17 Oct 2010

And Then There Was Another….

While we’re in poetry mode, here’s another hard on the heels of the other.

This came thumping into my already thumping head as I partook of the breakfast delights offered by this hotel wot is located in the far, faraway place I’ve come to.

Firstly though, I have to say that the nose bags provided by all the hotels I get to pop into are pretty good. What I don’t fully understand is why the one and only cook who can’t turn in a decent breakfast insists on following me round the world. It’s breakfast, but not as we know it…..

“Good morning egg preparation person. Two fried eggs please, sunny side up."
The egg preparation person gives me visual indication of understanding the request with vigorous side to side and up and down head movements.

Time passes and eventually I’m presented with my omelette.

Hay, ho. Moving along the tureens I come to the one helpfully labelled Baked Beans. The label should have read, Really, Really, REALLY Spicy Bake Beans - Guaranteed To Attract The Only Four Flies In Here At This Time Of Day.

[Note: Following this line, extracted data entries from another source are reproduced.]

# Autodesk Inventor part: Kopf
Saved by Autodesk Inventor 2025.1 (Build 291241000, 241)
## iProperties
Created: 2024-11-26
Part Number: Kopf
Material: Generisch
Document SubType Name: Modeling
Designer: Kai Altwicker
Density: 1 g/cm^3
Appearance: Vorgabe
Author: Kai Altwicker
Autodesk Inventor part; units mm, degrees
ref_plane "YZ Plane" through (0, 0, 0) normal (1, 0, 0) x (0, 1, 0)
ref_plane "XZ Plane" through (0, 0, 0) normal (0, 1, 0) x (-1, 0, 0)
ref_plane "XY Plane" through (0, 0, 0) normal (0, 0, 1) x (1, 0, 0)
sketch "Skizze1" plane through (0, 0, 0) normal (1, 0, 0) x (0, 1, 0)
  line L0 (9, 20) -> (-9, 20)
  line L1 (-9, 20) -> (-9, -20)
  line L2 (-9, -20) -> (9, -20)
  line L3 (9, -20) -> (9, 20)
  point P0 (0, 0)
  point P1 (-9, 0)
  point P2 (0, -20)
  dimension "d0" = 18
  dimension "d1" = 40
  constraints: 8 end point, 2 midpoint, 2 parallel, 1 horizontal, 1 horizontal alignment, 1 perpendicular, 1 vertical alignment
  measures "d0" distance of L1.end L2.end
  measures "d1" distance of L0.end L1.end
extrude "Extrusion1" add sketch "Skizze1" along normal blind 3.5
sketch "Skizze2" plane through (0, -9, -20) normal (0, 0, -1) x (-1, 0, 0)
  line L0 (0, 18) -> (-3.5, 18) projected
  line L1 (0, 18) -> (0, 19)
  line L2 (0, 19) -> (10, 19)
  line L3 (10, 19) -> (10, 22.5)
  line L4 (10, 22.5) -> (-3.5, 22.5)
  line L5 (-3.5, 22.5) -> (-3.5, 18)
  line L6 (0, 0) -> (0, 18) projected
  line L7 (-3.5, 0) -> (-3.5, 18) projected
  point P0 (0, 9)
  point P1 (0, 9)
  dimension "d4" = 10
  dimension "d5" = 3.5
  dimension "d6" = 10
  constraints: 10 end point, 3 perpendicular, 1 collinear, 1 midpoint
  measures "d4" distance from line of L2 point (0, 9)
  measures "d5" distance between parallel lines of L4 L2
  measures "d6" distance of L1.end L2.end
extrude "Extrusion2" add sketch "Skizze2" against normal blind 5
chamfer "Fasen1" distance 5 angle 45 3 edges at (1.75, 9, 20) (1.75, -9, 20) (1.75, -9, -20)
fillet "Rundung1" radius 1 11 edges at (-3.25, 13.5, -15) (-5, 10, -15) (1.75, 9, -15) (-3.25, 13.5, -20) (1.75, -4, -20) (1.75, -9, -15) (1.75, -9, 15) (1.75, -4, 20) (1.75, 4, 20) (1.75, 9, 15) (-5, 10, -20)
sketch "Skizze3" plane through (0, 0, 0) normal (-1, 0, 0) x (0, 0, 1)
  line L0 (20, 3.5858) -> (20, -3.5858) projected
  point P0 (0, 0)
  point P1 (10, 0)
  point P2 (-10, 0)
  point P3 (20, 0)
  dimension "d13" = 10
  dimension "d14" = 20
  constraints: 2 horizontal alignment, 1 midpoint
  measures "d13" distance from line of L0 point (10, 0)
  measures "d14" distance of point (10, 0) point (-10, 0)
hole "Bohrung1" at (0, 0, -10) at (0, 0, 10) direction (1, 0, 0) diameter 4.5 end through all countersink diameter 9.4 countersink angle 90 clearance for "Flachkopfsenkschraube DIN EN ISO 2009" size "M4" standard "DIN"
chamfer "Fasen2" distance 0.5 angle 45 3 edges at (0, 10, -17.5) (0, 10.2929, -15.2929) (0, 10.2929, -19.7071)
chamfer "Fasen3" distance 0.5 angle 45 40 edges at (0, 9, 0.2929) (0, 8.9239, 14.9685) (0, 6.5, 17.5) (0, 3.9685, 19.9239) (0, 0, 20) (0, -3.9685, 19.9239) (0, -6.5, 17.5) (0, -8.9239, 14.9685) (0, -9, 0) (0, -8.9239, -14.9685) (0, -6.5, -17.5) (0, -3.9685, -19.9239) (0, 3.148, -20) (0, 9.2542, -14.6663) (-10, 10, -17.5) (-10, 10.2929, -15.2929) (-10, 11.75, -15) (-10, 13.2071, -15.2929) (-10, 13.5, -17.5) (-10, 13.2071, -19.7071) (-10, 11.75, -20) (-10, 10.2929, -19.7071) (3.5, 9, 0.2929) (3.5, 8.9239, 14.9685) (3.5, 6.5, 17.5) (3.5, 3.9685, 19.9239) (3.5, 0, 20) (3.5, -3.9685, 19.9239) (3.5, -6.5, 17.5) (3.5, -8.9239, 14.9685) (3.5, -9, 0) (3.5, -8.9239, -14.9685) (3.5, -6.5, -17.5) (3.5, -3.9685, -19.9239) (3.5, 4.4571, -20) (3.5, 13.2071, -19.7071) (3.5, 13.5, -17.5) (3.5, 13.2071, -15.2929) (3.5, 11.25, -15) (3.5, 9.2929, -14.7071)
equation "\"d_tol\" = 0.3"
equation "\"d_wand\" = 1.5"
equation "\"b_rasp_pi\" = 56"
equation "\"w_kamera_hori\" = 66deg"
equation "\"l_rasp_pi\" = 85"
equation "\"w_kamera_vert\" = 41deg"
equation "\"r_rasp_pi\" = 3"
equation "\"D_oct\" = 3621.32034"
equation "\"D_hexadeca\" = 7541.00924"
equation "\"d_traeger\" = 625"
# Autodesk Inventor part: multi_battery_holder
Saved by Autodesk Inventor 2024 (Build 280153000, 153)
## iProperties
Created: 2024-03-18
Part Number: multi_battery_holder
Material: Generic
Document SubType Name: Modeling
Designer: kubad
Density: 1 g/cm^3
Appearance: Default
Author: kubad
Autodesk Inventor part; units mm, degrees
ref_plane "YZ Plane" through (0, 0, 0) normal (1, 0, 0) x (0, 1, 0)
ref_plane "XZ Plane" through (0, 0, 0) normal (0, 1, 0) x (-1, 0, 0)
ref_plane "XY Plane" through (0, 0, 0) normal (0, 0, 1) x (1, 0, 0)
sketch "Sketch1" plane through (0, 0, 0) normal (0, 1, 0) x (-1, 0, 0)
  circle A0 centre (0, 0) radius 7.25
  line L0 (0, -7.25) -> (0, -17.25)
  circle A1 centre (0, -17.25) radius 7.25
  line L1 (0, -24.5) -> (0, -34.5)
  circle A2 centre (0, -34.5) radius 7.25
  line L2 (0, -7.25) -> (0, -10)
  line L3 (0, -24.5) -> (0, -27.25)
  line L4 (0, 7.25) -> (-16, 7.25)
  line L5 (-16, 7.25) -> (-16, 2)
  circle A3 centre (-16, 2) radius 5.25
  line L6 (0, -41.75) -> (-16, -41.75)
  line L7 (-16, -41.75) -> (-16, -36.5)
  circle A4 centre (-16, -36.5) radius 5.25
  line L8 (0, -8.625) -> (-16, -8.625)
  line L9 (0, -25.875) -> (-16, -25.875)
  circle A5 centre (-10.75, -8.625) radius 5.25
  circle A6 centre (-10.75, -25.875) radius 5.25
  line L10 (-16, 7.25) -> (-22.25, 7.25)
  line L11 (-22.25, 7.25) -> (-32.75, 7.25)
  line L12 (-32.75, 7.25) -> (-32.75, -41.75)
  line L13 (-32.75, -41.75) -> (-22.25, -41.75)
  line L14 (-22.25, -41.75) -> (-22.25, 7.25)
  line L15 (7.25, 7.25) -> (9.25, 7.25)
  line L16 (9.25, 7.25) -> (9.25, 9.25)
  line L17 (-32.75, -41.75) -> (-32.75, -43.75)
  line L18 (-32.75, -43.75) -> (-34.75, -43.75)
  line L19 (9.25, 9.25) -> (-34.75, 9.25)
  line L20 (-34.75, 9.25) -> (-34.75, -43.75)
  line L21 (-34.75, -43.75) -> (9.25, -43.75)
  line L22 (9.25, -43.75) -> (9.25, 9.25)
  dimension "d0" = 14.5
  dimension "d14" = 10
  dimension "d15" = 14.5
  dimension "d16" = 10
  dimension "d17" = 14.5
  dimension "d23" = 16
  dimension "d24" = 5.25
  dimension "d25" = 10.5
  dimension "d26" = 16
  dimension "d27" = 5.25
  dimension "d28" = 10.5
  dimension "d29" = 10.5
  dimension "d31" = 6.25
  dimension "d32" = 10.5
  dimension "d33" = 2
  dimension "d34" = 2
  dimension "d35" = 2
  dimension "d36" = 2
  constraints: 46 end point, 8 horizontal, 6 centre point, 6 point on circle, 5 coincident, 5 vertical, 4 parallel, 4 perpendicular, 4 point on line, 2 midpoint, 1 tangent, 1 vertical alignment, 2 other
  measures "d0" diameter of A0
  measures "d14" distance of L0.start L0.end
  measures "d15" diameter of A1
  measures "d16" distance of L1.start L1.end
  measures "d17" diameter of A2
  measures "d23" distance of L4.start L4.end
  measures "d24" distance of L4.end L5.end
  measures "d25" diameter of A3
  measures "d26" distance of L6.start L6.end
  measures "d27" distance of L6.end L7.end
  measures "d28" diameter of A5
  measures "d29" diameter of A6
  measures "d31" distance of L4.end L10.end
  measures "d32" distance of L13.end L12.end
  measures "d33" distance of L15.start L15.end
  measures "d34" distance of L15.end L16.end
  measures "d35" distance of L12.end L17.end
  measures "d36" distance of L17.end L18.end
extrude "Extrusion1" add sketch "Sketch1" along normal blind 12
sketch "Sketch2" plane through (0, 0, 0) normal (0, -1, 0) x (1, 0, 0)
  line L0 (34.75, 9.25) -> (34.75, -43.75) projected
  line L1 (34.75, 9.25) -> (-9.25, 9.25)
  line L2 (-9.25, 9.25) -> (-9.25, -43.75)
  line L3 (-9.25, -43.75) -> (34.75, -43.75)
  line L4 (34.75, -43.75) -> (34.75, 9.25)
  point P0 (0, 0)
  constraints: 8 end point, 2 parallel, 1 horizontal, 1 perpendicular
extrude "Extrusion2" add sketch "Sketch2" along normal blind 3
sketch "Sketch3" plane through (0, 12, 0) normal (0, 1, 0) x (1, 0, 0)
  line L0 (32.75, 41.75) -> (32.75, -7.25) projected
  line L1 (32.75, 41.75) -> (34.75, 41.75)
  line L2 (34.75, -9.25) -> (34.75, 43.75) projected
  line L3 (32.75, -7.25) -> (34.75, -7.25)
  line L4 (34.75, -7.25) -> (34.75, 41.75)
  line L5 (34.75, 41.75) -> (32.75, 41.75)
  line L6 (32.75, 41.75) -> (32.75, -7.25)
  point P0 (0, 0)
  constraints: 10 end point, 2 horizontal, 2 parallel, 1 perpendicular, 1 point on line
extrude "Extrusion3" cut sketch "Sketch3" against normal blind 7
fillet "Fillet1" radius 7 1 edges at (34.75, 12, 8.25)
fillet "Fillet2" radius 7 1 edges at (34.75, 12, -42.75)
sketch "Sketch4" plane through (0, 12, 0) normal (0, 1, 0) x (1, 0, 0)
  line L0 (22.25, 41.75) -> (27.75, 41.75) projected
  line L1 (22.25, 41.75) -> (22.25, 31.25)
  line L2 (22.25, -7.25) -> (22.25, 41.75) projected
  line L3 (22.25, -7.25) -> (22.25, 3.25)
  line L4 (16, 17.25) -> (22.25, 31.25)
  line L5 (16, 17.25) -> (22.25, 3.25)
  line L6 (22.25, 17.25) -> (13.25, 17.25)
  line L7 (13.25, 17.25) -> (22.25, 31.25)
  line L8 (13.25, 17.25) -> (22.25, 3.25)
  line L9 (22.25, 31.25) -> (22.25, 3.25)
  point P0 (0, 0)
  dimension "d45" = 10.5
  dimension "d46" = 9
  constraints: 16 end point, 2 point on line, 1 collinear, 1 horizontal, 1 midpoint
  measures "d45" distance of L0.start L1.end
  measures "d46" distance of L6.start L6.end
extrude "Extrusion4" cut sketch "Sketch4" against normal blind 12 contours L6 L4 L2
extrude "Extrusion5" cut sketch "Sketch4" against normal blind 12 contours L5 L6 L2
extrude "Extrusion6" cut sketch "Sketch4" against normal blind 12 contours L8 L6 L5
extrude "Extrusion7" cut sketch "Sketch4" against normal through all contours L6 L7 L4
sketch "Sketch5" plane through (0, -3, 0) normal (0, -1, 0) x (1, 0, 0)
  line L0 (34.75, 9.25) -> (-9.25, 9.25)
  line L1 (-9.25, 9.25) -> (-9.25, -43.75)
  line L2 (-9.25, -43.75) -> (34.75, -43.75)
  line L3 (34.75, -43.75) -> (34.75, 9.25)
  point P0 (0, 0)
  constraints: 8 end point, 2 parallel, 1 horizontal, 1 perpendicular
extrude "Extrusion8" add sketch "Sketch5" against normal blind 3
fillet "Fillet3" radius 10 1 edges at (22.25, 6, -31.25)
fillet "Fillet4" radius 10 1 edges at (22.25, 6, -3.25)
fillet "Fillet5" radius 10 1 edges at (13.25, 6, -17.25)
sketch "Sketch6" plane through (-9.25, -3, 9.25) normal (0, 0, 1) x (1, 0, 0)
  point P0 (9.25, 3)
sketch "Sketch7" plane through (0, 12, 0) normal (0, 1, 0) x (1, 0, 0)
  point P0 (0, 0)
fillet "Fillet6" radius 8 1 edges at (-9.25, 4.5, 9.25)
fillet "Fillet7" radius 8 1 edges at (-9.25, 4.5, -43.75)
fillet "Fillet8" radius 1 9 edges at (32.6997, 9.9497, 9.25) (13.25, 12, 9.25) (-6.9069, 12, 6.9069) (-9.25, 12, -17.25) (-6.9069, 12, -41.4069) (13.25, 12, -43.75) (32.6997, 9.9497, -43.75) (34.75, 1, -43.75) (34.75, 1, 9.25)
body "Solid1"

Am I complaining? Not at all. I have food. Rumour has it some folk don’t.

Anyhoo, here you go…..

“And what would you like?” said the waiter, pensively picking his nose.
”Two hard boiled eggs you old bugger, you can’t stick your fingers in those.”

As a by-the-by, I’m sure you can imagine my delight, as I rode the elevator, to see a sign telling me that this is this far, faraway countries very first Zero Trans Fat Food hotel. So there you go then, but I’m not sure what that’s all about. There’s a bar with nibbles though……


Quote; Stephen Wright.

“I went to a cafe that advertised breakfast anytime. I ordered French Toast during the Renaissance.”

2 comments:

Caratacus said...

Mac, the way you ordered two hard-boiled eggs reminds me of the story of a chap in a barbers shop, many moons ago. He had a face only a mother could love, his hair was lank, ill-disciplined and in desperate need of an oil change. When asked by the barber how he would like his hair cut, the vision replied in a nasal whine not dissimilar to Ken Livingstone's, "I'd like it cut in such a way as to suggest a caring, sensitive and romantic disposition yet with just a hint of unparalleled sexual athleticism".

I rather suspect that the wordsmith in you may appreciate that one!

Mac said...

I absolutely love that one. In fact I’m heading to the ‘nibble room’ to pass it along! Thank you.